> [EXERCISE AIM]: Find every line below where the string "across" shows up, and copy those lines.

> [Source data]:
• • • •
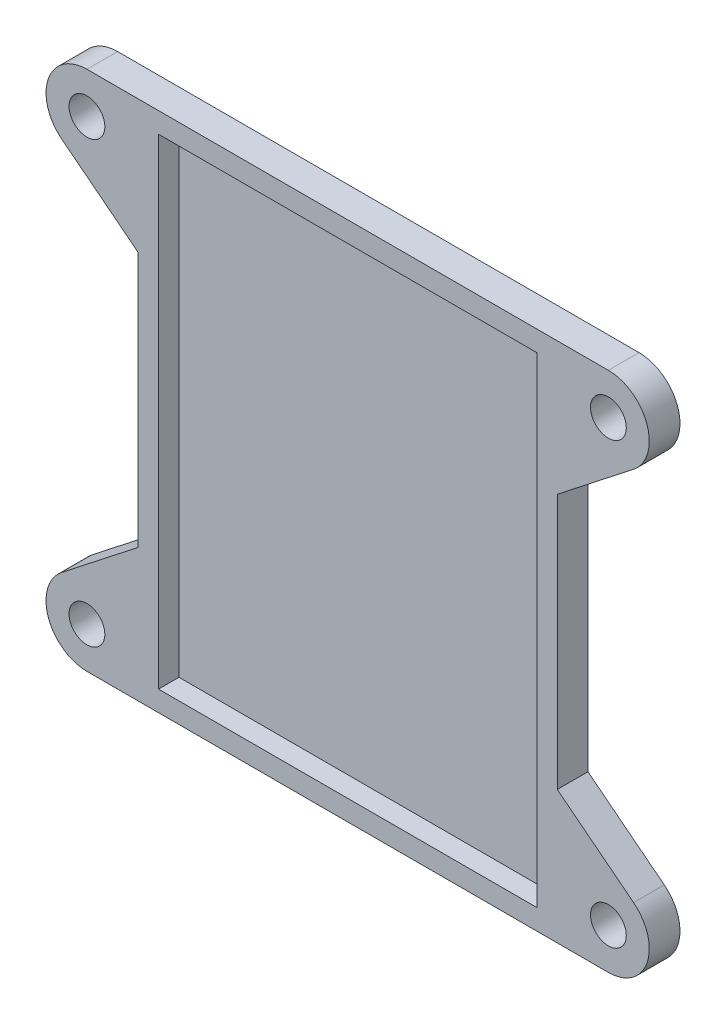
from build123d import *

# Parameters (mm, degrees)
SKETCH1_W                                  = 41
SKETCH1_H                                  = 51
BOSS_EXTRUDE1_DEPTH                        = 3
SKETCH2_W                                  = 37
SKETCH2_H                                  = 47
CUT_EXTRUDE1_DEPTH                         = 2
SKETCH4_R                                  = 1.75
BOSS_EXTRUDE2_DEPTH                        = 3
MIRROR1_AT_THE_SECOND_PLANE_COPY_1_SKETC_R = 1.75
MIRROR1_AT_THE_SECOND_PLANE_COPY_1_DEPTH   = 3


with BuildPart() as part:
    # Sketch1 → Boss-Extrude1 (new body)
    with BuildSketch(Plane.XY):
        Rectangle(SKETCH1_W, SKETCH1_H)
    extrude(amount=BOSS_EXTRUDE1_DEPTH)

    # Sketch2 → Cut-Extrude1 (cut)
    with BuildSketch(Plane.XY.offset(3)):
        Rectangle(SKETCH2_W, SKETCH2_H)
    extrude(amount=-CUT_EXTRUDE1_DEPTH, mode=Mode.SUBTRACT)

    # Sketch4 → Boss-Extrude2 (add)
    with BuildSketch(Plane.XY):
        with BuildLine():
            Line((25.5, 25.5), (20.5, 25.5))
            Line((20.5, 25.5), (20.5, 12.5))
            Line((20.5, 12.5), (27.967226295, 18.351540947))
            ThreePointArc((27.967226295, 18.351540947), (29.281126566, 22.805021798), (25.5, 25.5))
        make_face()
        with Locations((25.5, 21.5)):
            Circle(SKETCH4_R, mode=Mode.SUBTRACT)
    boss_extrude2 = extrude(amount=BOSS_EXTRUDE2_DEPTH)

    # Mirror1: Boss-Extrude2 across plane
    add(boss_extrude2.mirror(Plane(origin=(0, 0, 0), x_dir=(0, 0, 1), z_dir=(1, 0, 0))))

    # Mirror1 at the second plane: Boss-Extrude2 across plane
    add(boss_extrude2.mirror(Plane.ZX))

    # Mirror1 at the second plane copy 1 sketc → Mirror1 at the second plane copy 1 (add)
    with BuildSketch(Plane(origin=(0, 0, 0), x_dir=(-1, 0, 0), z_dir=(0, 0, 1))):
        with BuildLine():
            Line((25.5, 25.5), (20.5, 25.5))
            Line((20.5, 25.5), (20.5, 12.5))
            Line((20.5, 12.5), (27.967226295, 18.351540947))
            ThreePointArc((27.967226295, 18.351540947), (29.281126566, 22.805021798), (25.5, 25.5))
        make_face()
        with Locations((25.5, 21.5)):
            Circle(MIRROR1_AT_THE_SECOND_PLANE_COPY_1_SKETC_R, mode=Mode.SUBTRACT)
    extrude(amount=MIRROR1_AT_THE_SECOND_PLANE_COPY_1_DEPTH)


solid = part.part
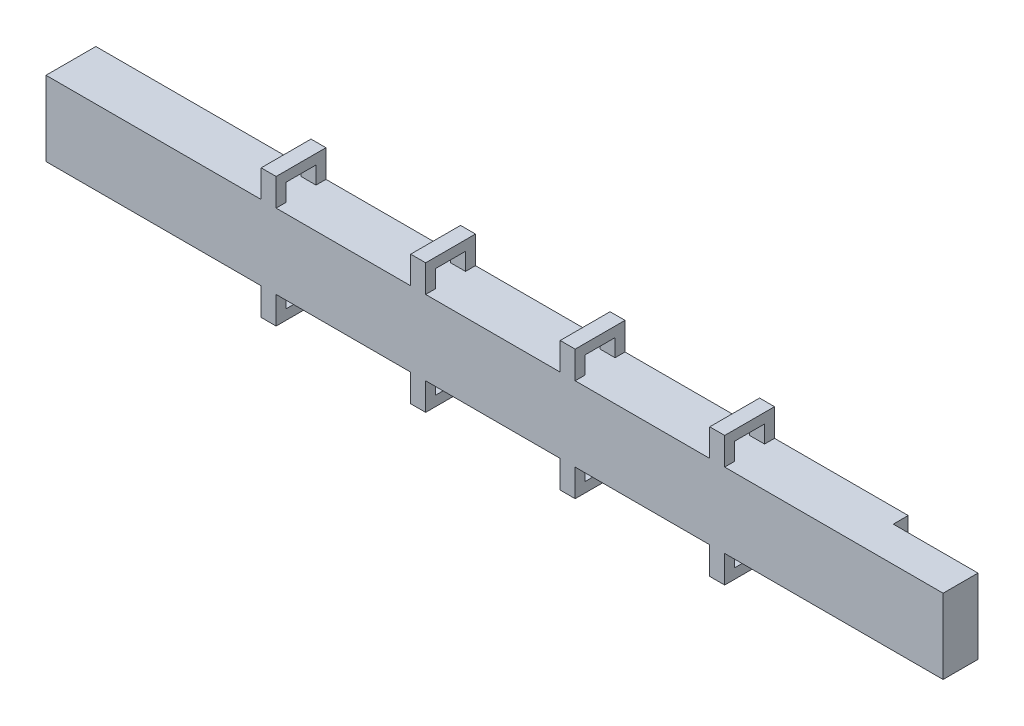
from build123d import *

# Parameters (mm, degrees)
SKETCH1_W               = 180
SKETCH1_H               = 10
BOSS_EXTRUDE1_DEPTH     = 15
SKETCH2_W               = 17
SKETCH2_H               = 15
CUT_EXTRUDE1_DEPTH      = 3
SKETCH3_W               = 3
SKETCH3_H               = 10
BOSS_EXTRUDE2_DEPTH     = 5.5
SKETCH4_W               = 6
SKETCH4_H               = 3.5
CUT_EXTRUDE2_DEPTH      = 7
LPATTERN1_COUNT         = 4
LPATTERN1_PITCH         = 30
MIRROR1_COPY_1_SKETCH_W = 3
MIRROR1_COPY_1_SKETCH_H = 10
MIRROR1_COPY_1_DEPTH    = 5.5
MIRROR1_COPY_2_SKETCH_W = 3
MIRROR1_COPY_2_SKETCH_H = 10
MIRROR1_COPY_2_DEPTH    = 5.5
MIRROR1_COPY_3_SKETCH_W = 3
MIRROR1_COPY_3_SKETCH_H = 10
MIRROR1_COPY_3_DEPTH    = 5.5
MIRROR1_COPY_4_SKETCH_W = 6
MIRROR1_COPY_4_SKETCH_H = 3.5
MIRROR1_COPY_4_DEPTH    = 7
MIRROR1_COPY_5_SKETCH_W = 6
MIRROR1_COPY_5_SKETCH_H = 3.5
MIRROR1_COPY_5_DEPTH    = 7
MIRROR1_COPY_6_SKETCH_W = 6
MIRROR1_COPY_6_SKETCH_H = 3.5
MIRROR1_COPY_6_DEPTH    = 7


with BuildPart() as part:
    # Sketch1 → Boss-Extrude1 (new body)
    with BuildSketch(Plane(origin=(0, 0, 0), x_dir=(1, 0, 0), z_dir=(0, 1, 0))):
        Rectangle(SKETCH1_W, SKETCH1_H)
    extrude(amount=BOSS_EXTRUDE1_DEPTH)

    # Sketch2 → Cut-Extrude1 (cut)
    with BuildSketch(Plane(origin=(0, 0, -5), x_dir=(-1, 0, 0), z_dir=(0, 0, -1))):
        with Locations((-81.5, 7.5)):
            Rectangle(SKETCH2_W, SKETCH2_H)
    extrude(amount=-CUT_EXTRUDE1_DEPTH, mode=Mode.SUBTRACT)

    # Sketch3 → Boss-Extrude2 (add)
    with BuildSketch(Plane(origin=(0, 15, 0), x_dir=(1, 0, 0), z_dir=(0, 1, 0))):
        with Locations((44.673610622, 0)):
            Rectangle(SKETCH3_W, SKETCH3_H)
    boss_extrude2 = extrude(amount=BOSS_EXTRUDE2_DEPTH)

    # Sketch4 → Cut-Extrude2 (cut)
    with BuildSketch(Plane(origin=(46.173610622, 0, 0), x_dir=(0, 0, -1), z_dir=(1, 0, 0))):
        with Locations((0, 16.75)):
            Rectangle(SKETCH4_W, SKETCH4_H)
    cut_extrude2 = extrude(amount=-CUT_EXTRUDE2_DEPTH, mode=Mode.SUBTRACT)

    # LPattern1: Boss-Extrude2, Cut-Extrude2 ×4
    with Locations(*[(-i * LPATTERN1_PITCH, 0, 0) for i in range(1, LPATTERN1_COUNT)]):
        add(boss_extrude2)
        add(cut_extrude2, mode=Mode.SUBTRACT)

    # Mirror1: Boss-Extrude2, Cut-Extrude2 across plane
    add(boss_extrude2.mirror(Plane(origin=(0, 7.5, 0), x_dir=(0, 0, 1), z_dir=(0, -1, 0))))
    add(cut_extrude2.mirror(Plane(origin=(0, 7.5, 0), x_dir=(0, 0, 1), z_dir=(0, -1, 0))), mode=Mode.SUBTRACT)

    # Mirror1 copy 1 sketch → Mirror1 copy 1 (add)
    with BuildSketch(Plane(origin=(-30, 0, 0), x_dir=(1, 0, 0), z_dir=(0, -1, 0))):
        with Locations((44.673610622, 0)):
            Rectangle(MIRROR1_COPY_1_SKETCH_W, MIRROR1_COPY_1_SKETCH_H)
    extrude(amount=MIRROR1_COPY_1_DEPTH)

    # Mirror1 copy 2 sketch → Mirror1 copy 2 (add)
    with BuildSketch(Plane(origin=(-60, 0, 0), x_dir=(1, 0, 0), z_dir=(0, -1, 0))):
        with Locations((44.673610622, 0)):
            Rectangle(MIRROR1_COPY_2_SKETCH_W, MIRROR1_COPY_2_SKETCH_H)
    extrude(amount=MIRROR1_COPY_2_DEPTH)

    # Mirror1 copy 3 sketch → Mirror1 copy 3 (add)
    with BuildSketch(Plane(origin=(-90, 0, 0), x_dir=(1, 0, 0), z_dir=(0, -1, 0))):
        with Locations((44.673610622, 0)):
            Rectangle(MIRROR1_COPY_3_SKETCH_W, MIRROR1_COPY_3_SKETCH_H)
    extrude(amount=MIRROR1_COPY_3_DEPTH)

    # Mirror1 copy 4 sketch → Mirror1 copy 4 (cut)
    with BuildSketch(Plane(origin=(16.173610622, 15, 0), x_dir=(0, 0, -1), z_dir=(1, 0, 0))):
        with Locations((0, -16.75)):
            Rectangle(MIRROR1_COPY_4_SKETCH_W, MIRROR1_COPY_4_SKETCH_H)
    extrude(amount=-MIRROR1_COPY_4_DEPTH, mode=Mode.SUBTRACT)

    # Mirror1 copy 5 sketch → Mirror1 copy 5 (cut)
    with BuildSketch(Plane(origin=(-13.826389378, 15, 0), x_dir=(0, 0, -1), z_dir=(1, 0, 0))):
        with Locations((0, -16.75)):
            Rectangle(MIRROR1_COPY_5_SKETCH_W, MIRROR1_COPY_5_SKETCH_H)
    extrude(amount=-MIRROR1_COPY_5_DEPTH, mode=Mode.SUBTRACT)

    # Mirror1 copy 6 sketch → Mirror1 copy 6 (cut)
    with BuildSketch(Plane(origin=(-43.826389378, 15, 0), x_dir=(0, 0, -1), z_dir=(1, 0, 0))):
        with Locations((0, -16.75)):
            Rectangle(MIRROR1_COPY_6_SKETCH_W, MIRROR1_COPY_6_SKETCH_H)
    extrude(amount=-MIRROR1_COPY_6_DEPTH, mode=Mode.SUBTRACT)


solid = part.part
• • • •
> [WRITTEN RESPONSE]:
    # Mirror1: Boss-Extrude2 across plane
    # Mirror1 at the second plane: Boss-Extrude2 across plane
    # Mirror1: Boss-Extrude2, Cut-Extrude2 across plane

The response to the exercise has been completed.